Interaction Between Drug Use and Sex
m4 <- lm(personalincome ~ anydrugyear*sex, data = drugData)
summary(m4)
Call:
lm(formula = personalincome ~ anydrugyear * sex, data = drugData)
Residuals:
Min 1Q Median 3Q Max
-3.0387 -1.5916 -0.2499 1.7501 4.4084
Coefficients:
Estimate Std. Error t value Pr(>|t|)
(Intercept) 4.82743 0.04181 115.449 < 2e-16 ***
anydrugyeartrue -1.28181 0.08036 -15.950 < 2e-16 ***
sex -0.78878 0.02600 -30.338 < 2e-16 ***
anydrugyeartrue:sex 0.31178 0.05138 6.068 1.31e-09 ***
---
Signif. codes: 0 ‘***’ 0.001 ‘**’ 0.01 ‘*’ 0.05 ‘.’ 0.1 ‘ ’ 1
Residual standard error: 2.003 on 32036 degrees of freedom
Multiple R-squared: 0.05738, Adjusted R-squared: 0.0573
F-statistic: 650.1 on 3 and 32036 DF, p-value: < 2.2e-16
This shows that when drug use and sex are interacted together they led to an increase in income. According to this data, when someone has done drugs in the year and is a female they will have a 0.31178 increase in their income.

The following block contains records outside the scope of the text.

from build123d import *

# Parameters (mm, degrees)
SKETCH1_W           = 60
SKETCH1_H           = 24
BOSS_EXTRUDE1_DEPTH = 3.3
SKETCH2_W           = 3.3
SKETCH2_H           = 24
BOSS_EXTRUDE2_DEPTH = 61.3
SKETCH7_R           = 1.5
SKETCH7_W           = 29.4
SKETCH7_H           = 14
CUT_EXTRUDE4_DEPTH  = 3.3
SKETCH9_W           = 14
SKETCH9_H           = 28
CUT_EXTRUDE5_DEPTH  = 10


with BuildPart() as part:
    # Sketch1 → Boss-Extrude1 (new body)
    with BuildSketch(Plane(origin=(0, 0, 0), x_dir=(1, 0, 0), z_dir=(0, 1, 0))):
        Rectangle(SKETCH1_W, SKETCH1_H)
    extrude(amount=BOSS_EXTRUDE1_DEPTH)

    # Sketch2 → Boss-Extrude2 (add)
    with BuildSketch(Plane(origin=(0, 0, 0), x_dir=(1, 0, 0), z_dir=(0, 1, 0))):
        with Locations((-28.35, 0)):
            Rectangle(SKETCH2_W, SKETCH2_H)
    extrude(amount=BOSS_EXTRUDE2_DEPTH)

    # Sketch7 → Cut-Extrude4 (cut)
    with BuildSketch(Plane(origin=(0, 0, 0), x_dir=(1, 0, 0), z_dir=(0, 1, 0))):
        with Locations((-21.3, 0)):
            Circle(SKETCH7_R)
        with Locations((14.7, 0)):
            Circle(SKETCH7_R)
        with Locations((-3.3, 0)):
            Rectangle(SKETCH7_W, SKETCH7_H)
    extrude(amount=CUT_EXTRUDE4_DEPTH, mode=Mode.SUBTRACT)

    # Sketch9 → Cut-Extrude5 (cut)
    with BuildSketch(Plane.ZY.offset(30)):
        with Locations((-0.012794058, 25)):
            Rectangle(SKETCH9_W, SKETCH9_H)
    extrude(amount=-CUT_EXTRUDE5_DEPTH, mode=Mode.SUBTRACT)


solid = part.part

Interaction Between Drug Use and Education
m5 <- lm(personalincome ~ anydrugyear*education, data = drugData)
summary(m5)
Call:
lm(formula = personalincome ~ anydrugyear * education, data = drugData)
Residuals:
Min 1Q Median 3Q Max
-3.6748 -1.6748 -0.0705 1.3252 5.4709
Coefficients:
Estimate Std. Error t value Pr(>|t|)
(Intercept) 1.06811 0.03649 29.271 < 2e-16 ***
anydrugyeartrue -0.30974 0.07220 -4.290 1.79e-05 ***
education 0.90168 0.01217 74.085 < 2e-16 ***
anydrugyeartrue:education -0.13097 0.02490 -5.259 1.45e-07 ***
---
Signif. codes: 0 ‘***’ 0.001 ‘**’ 0.01 ‘*’ 0.05 ‘.’ 0.1 ‘ ’ 1
Residual standard error: 1.85 on 32036 degrees of freedom
Multiple R-squared: 0.1962, Adjusted R-squared: 0.1961
F-statistic: 2606 on 3 and 32036 DF, p-value: < 2.2e-16
This analysis shows that the interaction between drug use and education on income will lessen the negative effect on income. According to this data, someone who has done drugs within the year and is educated will have -0.13097 less income compared to someone who did not do drugs. If only the drug use variable is looked at then the affect on income is more compared to when drug use and edcuation are interacted together.
library(texreg)
screenreg(list(m1, m2, m3, m4, m5))
============================================================================================================================
Model 1 Model 2 Model 3 Model 4 Model 5
----------------------------------------------------------------------------------------------------------------------------
(Intercept) 3.62 *** 4.07 *** 4.08 *** 4.83 *** 1.07 ***
(0.01) (0.05) (0.06) (0.04) (0.04)
factor(anydrugyear)true -0.78 ***
(0.03)
anydrugyeartrue -0.75 *** -0.81 *** -1.28 *** -0.31 ***
(0.03) (0.15) (0.08) (0.07)
race_strBlack/African American -1.12 *** -1.13 ***
(0.06) (0.07)
race_strHawaiian/Pacific Islander -1.23 *** -1.34 ***
(0.16) (0.19)
race_strHispanic -1.13 *** -1.20 ***
(0.06) (0.06)
race_strMixed -0.83 *** -0.89 ***
(0.08) (0.09)
race_strNative American/Alaskan Native -1.01 *** -1.01 ***
(0.11) (0.12)
race_strWhite -0.12 * -0.11
(0.05) (0.06)
anydrugyeartrue:race_strBlack/African American 0.06
(0.17)
anydrugyeartrue:race_strHawaiian/Pacific Islander 0.44
(0.38)
anydrugyeartrue:race_strHispanic 0.33 *
(0.16)
anydrugyeartrue:race_strMixed 0.21
(0.20)
anydrugyeartrue:race_strNative American/Alaskan Native 0.04
(0.25)
anydrugyeartrue:race_strWhite -0.03
(0.15)
sex -0.79 ***
(0.03)
anydrugyeartrue:sex 0.31 ***
(0.05)
education 0.90 ***
(0.01)
anydrugyeartrue:education -0.13 ***
(0.02)
----------------------------------------------------------------------------------------------------------------------------
R^2 0.03 0.08 0.08 0.06 0.20
Adj. R^2 0.03 0.08 0.08 0.06 0.20
Num. obs. 32040 32040 32040 32040 32040
RMSE 2.04 1.98 1.98 2.00 1.85
============================================================================================================================
*** p < 0.001, ** p < 0.01, * p < 0.05
According to this analysis, part of the affect of drug use on income can be explained by education levels. When education and drug use are interacted they lessen the affect on income. Model 5 has the highest r-squared value and this shows that it is the most desireable and this indiciates the strength of the variables and fits the data better than the others.